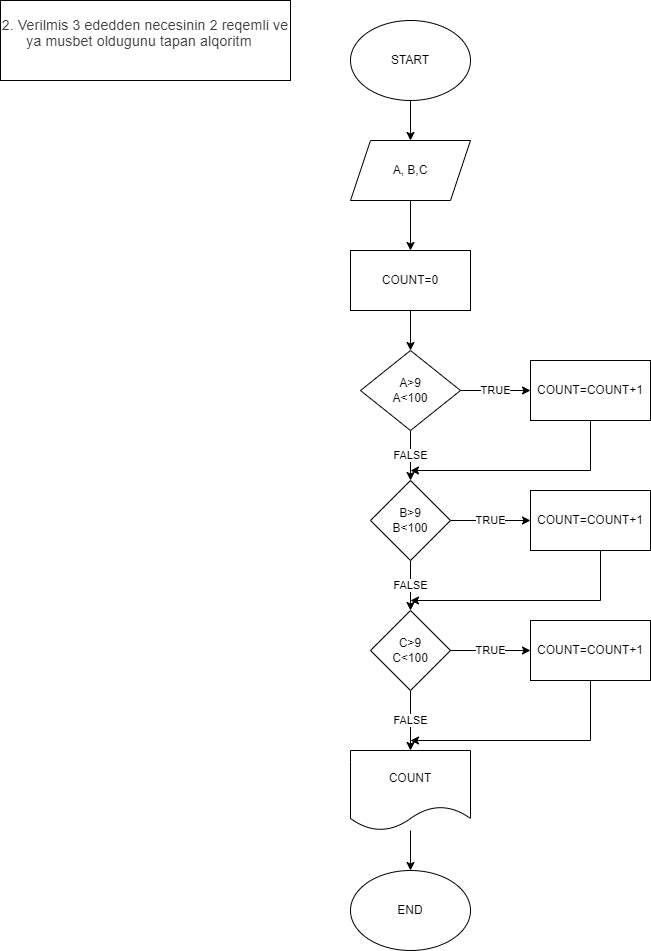

The diagram above was exported from draw.io. Its source (the exported page's mxGraphModel, read from the mxfile embedded in the PNG):
<mxGraphModel dx="794" dy="405" grid="1" gridSize="10" guides="1" tooltips="1" connect="1" arrows="1" fold="1" page="1" pageScale="1" pageWidth="850" pageHeight="1100" math="0" shadow="0">
  <root>
    <mxCell id="0" />
    <mxCell id="1" parent="0" />
    <mxCell id="pctttFQ0H_W1LRL9B5MB-3" style="edgeStyle=orthogonalEdgeStyle;rounded=0;orthogonalLoop=1;jettySize=auto;html=1;" edge="1" parent="1" source="pctttFQ0H_W1LRL9B5MB-1" target="pctttFQ0H_W1LRL9B5MB-2">
      <mxGeometry relative="1" as="geometry" />
    </mxCell>
    <mxCell id="pctttFQ0H_W1LRL9B5MB-1" value="START" style="ellipse;whiteSpace=wrap;html=1;" vertex="1" parent="1">
      <mxGeometry x="360" y="30" width="120" height="80" as="geometry" />
    </mxCell>
    <mxCell id="pctttFQ0H_W1LRL9B5MB-10" style="edgeStyle=orthogonalEdgeStyle;rounded=0;orthogonalLoop=1;jettySize=auto;html=1;" edge="1" parent="1" source="pctttFQ0H_W1LRL9B5MB-2" target="pctttFQ0H_W1LRL9B5MB-9">
      <mxGeometry relative="1" as="geometry" />
    </mxCell>
    <mxCell id="pctttFQ0H_W1LRL9B5MB-2" value="A, B,C" style="shape=parallelogram;perimeter=parallelogramPerimeter;whiteSpace=wrap;html=1;fixedSize=1;" vertex="1" parent="1">
      <mxGeometry x="360" y="150" width="120" height="60" as="geometry" />
    </mxCell>
    <mxCell id="pctttFQ0H_W1LRL9B5MB-4" value="&#10;&lt;span style=&quot;color: rgb(60, 64, 67); font-family: Roboto, Arial, sans-serif; font-size: 14px; font-style: normal; font-variant-ligatures: normal; font-variant-caps: normal; font-weight: 400; letter-spacing: 0.2px; orphans: 2; text-align: start; text-indent: 0px; text-transform: none; widows: 2; word-spacing: 0px; -webkit-text-stroke-width: 0px; text-decoration-thickness: initial; text-decoration-style: initial; text-decoration-color: initial; float: none; display: inline !important;&quot;&gt;2. Verilmis 3 ededden necesinin 2 reqemli ve ya musbet oldugunu tapan alqoritm&amp;nbsp;&amp;nbsp;&amp;nbsp;&lt;/span&gt;&lt;br style=&quot;-webkit-tap-highlight-color: transparent; color: rgb(60, 64, 67); font-family: Roboto, Arial, sans-serif; font-size: 14px; font-style: normal; font-variant-ligatures: normal; font-variant-caps: normal; font-weight: 400; letter-spacing: 0.2px; orphans: 2; text-align: start; text-indent: 0px; text-transform: none; widows: 2; word-spacing: 0px; -webkit-text-stroke-width: 0px; text-decoration-thickness: initial; text-decoration-style: initial; text-decoration-color: initial;&quot;&gt;&#10;&#10;" style="rounded=0;whiteSpace=wrap;html=1;" vertex="1" parent="1">
      <mxGeometry x="10" y="10" width="290" height="80" as="geometry" />
    </mxCell>
    <mxCell id="pctttFQ0H_W1LRL9B5MB-12" style="edgeStyle=orthogonalEdgeStyle;rounded=0;orthogonalLoop=1;jettySize=auto;html=1;" edge="1" parent="1" source="pctttFQ0H_W1LRL9B5MB-9" target="pctttFQ0H_W1LRL9B5MB-11">
      <mxGeometry relative="1" as="geometry" />
    </mxCell>
    <mxCell id="pctttFQ0H_W1LRL9B5MB-9" value="COUNT=0" style="rounded=0;whiteSpace=wrap;html=1;" vertex="1" parent="1">
      <mxGeometry x="360" y="260" width="120" height="60" as="geometry" />
    </mxCell>
    <mxCell id="pctttFQ0H_W1LRL9B5MB-14" value="TRUE" style="edgeStyle=orthogonalEdgeStyle;rounded=0;orthogonalLoop=1;jettySize=auto;html=1;entryX=0;entryY=0.5;entryDx=0;entryDy=0;" edge="1" parent="1" source="pctttFQ0H_W1LRL9B5MB-11" target="pctttFQ0H_W1LRL9B5MB-13">
      <mxGeometry relative="1" as="geometry" />
    </mxCell>
    <mxCell id="pctttFQ0H_W1LRL9B5MB-17" value="FALSE" style="edgeStyle=orthogonalEdgeStyle;rounded=0;orthogonalLoop=1;jettySize=auto;html=1;" edge="1" parent="1" source="pctttFQ0H_W1LRL9B5MB-11" target="pctttFQ0H_W1LRL9B5MB-16">
      <mxGeometry relative="1" as="geometry" />
    </mxCell>
    <mxCell id="pctttFQ0H_W1LRL9B5MB-11" value="A&amp;gt;9&lt;br&gt;A&amp;lt;100" style="rhombus;whiteSpace=wrap;html=1;" vertex="1" parent="1">
      <mxGeometry x="370" y="360" width="100" height="80" as="geometry" />
    </mxCell>
    <mxCell id="pctttFQ0H_W1LRL9B5MB-24" style="edgeStyle=orthogonalEdgeStyle;rounded=0;orthogonalLoop=1;jettySize=auto;html=1;" edge="1" parent="1" source="pctttFQ0H_W1LRL9B5MB-13">
      <mxGeometry relative="1" as="geometry">
        <mxPoint x="420" y="480" as="targetPoint" />
        <Array as="points">
          <mxPoint x="600" y="480" />
        </Array>
      </mxGeometry>
    </mxCell>
    <mxCell id="pctttFQ0H_W1LRL9B5MB-13" value="COUNT=COUNT+1" style="rounded=0;whiteSpace=wrap;html=1;" vertex="1" parent="1">
      <mxGeometry x="540" y="370" width="120" height="60" as="geometry" />
    </mxCell>
    <mxCell id="pctttFQ0H_W1LRL9B5MB-19" value="TRUE" style="edgeStyle=orthogonalEdgeStyle;rounded=0;orthogonalLoop=1;jettySize=auto;html=1;entryX=0;entryY=0.5;entryDx=0;entryDy=0;" edge="1" parent="1" source="pctttFQ0H_W1LRL9B5MB-16" target="pctttFQ0H_W1LRL9B5MB-18">
      <mxGeometry relative="1" as="geometry" />
    </mxCell>
    <mxCell id="pctttFQ0H_W1LRL9B5MB-21" value="FALSE" style="edgeStyle=orthogonalEdgeStyle;rounded=0;orthogonalLoop=1;jettySize=auto;html=1;" edge="1" parent="1" source="pctttFQ0H_W1LRL9B5MB-16" target="pctttFQ0H_W1LRL9B5MB-20">
      <mxGeometry relative="1" as="geometry" />
    </mxCell>
    <mxCell id="pctttFQ0H_W1LRL9B5MB-16" value="B&amp;gt;9&lt;br&gt;B&amp;lt;100" style="rhombus;whiteSpace=wrap;html=1;" vertex="1" parent="1">
      <mxGeometry x="380" y="490" width="80" height="80" as="geometry" />
    </mxCell>
    <mxCell id="pctttFQ0H_W1LRL9B5MB-25" style="edgeStyle=orthogonalEdgeStyle;rounded=0;orthogonalLoop=1;jettySize=auto;html=1;" edge="1" parent="1" source="pctttFQ0H_W1LRL9B5MB-18">
      <mxGeometry relative="1" as="geometry">
        <mxPoint x="420" y="610" as="targetPoint" />
        <Array as="points">
          <mxPoint x="610" y="610" />
        </Array>
      </mxGeometry>
    </mxCell>
    <mxCell id="pctttFQ0H_W1LRL9B5MB-18" value="COUNT=COUNT+1" style="rounded=0;whiteSpace=wrap;html=1;" vertex="1" parent="1">
      <mxGeometry x="540" y="500" width="120" height="60" as="geometry" />
    </mxCell>
    <mxCell id="pctttFQ0H_W1LRL9B5MB-23" value="TRUE" style="edgeStyle=orthogonalEdgeStyle;rounded=0;orthogonalLoop=1;jettySize=auto;html=1;" edge="1" parent="1" source="pctttFQ0H_W1LRL9B5MB-20" target="pctttFQ0H_W1LRL9B5MB-22">
      <mxGeometry relative="1" as="geometry" />
    </mxCell>
    <mxCell id="pctttFQ0H_W1LRL9B5MB-27" value="FALSE" style="edgeStyle=orthogonalEdgeStyle;rounded=0;orthogonalLoop=1;jettySize=auto;html=1;" edge="1" parent="1" source="pctttFQ0H_W1LRL9B5MB-20" target="pctttFQ0H_W1LRL9B5MB-26">
      <mxGeometry relative="1" as="geometry" />
    </mxCell>
    <mxCell id="pctttFQ0H_W1LRL9B5MB-20" value="C&amp;gt;9&lt;br&gt;C&amp;lt;100" style="rhombus;whiteSpace=wrap;html=1;" vertex="1" parent="1">
      <mxGeometry x="380" y="620" width="80" height="80" as="geometry" />
    </mxCell>
    <mxCell id="pctttFQ0H_W1LRL9B5MB-29" style="edgeStyle=orthogonalEdgeStyle;rounded=0;orthogonalLoop=1;jettySize=auto;html=1;" edge="1" parent="1" source="pctttFQ0H_W1LRL9B5MB-22">
      <mxGeometry relative="1" as="geometry">
        <mxPoint x="420" y="750" as="targetPoint" />
        <Array as="points">
          <mxPoint x="600" y="750" />
        </Array>
      </mxGeometry>
    </mxCell>
    <mxCell id="pctttFQ0H_W1LRL9B5MB-22" value="COUNT=COUNT+1" style="rounded=0;whiteSpace=wrap;html=1;" vertex="1" parent="1">
      <mxGeometry x="540" y="630" width="120" height="60" as="geometry" />
    </mxCell>
    <mxCell id="pctttFQ0H_W1LRL9B5MB-31" style="edgeStyle=orthogonalEdgeStyle;rounded=0;orthogonalLoop=1;jettySize=auto;html=1;" edge="1" parent="1" source="pctttFQ0H_W1LRL9B5MB-26" target="pctttFQ0H_W1LRL9B5MB-30">
      <mxGeometry relative="1" as="geometry" />
    </mxCell>
    <mxCell id="pctttFQ0H_W1LRL9B5MB-26" value="COUNT" style="shape=document;whiteSpace=wrap;html=1;boundedLbl=1;" vertex="1" parent="1">
      <mxGeometry x="360" y="760" width="120" height="80" as="geometry" />
    </mxCell>
    <mxCell id="pctttFQ0H_W1LRL9B5MB-30" value="END" style="ellipse;whiteSpace=wrap;html=1;" vertex="1" parent="1">
      <mxGeometry x="360" y="880" width="120" height="80" as="geometry" />
    </mxCell>
  </root>
</mxGraphModel>

·····

Problem description - Find the string "targetPoint" in the data. Report each line it appears in.

Response box -
        <mxPoint x="420" y="480" as="targetPoint" />
        <mxPoint x="420" y="610" as="targetPoint" />
        <mxPoint x="420" y="750" as="targetPoint" />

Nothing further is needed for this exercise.